Task details: Go to the line holding "# Sketch1 → Boss-Extrude1 (new body)" in the data below and repeat it exactly, then each line after it up to and including the one holding "# Esboço1 → Flange-base1 (new body)". Omit pictures.

Records to use:
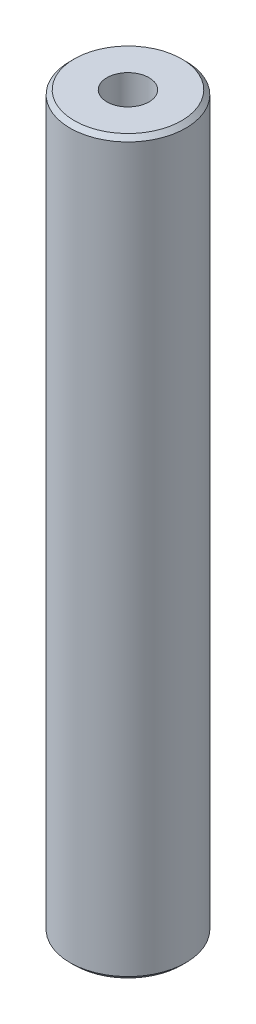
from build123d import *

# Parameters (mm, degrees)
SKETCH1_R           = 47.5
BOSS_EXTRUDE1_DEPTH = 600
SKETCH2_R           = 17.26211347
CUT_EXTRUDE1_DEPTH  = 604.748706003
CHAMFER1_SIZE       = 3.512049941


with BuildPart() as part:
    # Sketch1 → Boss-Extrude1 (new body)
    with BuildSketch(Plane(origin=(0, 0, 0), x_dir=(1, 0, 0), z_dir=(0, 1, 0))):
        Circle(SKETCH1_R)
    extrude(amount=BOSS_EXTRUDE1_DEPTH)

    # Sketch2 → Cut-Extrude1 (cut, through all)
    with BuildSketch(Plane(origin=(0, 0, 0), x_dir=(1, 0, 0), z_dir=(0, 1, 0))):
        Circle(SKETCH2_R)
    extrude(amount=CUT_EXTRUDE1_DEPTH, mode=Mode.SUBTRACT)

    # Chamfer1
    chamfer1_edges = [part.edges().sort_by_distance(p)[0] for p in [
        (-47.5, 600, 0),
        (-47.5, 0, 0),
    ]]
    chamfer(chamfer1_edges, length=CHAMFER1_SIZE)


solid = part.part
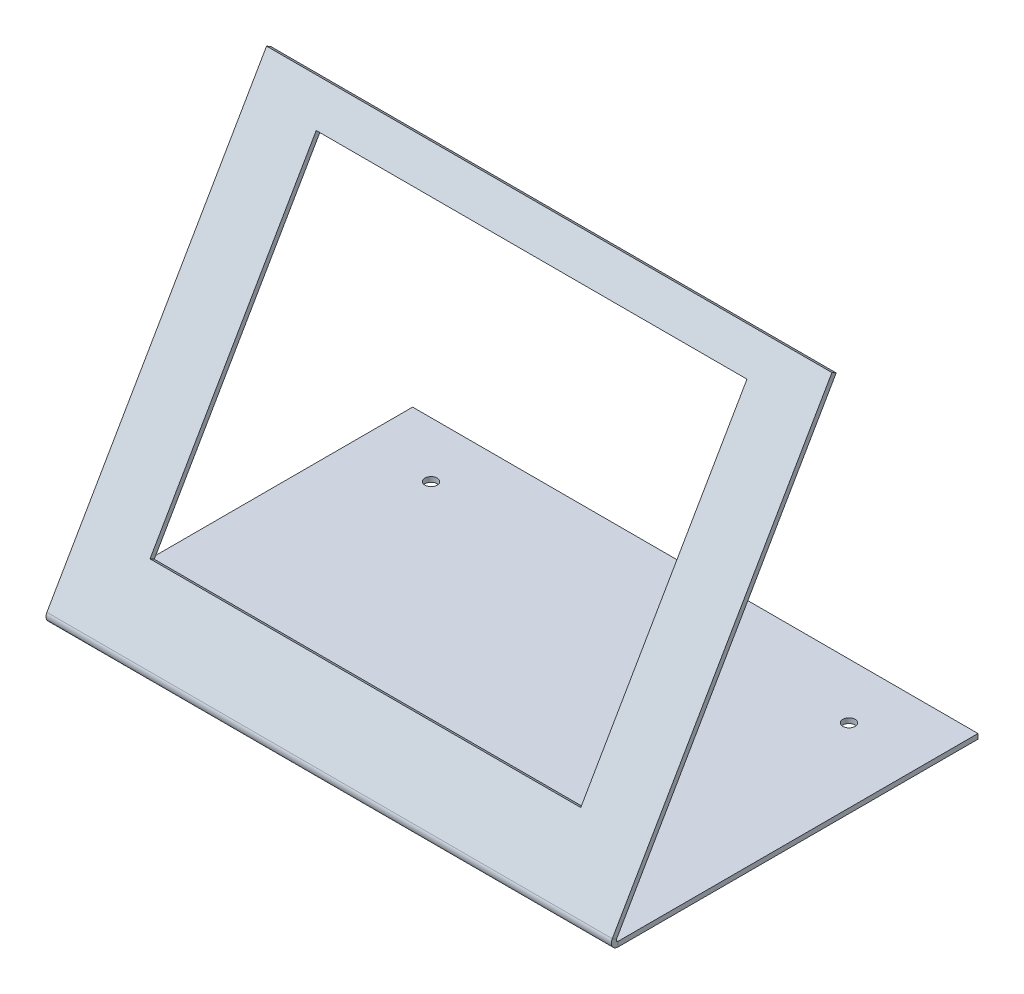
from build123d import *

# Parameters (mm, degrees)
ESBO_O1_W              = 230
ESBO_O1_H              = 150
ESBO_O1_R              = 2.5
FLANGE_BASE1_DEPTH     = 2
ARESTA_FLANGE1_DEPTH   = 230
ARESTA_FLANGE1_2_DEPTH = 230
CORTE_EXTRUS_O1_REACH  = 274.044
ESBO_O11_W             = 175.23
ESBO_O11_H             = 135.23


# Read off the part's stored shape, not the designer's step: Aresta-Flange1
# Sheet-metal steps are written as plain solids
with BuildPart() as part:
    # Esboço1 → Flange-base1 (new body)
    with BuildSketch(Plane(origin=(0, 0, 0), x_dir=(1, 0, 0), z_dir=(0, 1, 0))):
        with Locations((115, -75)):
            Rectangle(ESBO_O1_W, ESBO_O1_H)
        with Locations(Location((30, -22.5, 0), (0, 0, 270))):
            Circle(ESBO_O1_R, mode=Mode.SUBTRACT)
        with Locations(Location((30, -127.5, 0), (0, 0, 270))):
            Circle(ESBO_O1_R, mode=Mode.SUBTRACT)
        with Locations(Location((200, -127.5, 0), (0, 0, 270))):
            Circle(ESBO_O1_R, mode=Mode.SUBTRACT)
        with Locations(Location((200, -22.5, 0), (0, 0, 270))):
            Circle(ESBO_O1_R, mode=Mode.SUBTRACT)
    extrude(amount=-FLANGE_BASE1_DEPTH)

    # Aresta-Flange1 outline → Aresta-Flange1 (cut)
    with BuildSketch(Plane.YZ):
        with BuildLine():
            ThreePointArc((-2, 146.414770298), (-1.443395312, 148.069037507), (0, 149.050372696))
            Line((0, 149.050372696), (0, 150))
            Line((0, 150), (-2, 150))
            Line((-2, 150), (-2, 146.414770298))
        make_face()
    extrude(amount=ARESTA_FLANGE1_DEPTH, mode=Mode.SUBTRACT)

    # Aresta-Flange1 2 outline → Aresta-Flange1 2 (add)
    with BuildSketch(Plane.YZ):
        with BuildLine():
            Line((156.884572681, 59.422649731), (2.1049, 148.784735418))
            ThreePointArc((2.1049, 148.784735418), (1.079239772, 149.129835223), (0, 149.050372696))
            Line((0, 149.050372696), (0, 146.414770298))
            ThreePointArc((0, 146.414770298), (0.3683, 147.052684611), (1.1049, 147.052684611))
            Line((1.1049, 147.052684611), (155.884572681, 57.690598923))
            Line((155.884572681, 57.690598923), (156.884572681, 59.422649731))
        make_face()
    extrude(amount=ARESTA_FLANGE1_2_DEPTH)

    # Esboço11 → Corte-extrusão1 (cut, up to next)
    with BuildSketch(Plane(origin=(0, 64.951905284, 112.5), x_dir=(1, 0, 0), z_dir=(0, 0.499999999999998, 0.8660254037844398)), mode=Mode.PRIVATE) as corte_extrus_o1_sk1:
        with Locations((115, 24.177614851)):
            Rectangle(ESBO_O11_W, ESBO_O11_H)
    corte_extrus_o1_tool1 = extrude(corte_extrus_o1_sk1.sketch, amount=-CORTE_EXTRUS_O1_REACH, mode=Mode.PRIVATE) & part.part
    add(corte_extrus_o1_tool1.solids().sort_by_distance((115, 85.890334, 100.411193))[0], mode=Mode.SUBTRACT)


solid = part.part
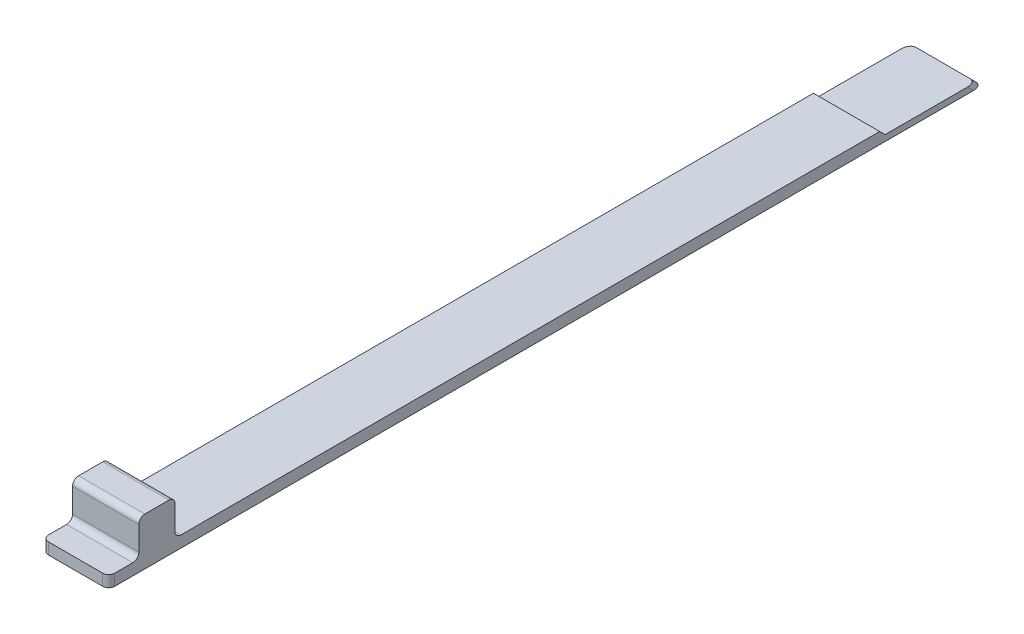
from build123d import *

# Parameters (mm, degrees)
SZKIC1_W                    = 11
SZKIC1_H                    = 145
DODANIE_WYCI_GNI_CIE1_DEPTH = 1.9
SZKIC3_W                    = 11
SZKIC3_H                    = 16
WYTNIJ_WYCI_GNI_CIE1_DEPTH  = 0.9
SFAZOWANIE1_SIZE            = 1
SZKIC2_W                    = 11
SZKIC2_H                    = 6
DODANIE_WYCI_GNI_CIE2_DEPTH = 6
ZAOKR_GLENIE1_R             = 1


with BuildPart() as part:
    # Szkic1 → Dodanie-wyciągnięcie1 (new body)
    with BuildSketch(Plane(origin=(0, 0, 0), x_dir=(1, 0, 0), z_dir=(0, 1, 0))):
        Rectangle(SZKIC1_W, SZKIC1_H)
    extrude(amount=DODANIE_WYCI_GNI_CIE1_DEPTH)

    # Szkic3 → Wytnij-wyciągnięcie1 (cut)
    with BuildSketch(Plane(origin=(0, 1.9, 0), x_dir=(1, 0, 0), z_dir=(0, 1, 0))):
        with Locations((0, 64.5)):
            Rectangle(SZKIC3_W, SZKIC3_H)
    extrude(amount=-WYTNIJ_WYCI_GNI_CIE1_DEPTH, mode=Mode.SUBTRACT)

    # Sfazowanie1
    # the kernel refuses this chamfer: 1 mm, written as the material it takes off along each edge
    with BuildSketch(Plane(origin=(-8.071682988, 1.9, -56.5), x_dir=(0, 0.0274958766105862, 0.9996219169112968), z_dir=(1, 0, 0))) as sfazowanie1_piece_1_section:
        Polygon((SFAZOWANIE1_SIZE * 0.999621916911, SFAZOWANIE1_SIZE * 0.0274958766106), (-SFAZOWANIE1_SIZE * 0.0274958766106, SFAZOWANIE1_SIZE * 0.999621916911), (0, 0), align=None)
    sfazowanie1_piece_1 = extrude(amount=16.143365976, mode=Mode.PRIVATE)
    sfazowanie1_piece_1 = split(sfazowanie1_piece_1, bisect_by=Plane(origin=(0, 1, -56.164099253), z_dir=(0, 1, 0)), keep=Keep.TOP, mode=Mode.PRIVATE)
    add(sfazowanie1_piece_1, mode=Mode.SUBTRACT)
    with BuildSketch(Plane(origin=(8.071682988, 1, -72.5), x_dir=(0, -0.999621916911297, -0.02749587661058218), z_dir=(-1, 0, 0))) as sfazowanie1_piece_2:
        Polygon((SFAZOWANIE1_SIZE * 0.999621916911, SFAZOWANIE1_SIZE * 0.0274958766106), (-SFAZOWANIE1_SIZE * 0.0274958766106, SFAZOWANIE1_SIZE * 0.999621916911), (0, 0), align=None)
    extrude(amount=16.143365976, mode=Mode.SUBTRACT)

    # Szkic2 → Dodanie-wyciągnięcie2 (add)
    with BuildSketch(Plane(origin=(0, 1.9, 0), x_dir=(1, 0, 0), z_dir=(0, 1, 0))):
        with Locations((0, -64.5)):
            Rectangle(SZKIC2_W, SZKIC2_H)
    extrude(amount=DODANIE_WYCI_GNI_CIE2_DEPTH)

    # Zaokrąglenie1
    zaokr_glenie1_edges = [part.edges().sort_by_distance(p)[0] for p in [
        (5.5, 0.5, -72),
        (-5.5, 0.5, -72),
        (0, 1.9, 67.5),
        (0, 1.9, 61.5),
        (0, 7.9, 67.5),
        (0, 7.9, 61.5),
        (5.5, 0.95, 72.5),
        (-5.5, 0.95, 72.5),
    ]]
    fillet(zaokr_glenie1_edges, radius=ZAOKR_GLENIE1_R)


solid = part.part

Written response:
    # Sketch1 → Boss-Extrude1 (new body)
    with BuildSketch(Plane(origin=(0, 0, 0), x_dir=(1, 0, 0), z_dir=(0, 1, 0))):
        Circle(SKETCH1_R)
    extrude(amount=BOSS_EXTRUDE1_DEPTH)

    # Sketch2 → Cut-Extrude1 (cut, through all)
    with BuildSketch(Plane(origin=(0, 0, 0), x_dir=(1, 0, 0), z_dir=(0, 1, 0))):
        Circle(SKETCH2_R)
    extrude(amount=CUT_EXTRUDE1_DEPTH, mode=Mode.SUBTRACT)

    # Chamfer1
    chamfer1_edges = [part.edges().sort_by_distance(p)[0] for p in [
        (-47.5, 600, 0),
        (-47.5, 0, 0),
    ]]
    chamfer(chamfer1_edges, length=CHAMFER1_SIZE)


solid = part.part
from build123d import *

# Parameters (mm, degrees)
ESBO_O1_W              = 230
ESBO_O1_H              = 150
ESBO_O1_R              = 2.5
FLANGE_BASE1_DEPTH     = 2
ARESTA_FLANGE1_DEPTH   = 230
ARESTA_FLANGE1_2_DEPTH = 230
CORTE_EXTRUS_O1_REACH  = 274.044
ESBO_O11_W             = 175.23
ESBO_O11_H             = 135.23


# Read off the part's stored shape, not the designer's step: Aresta-Flange1
# Sheet-metal steps are written as plain solids
with BuildPart() as part:
    # Esboço1 → Flange-base1 (new body)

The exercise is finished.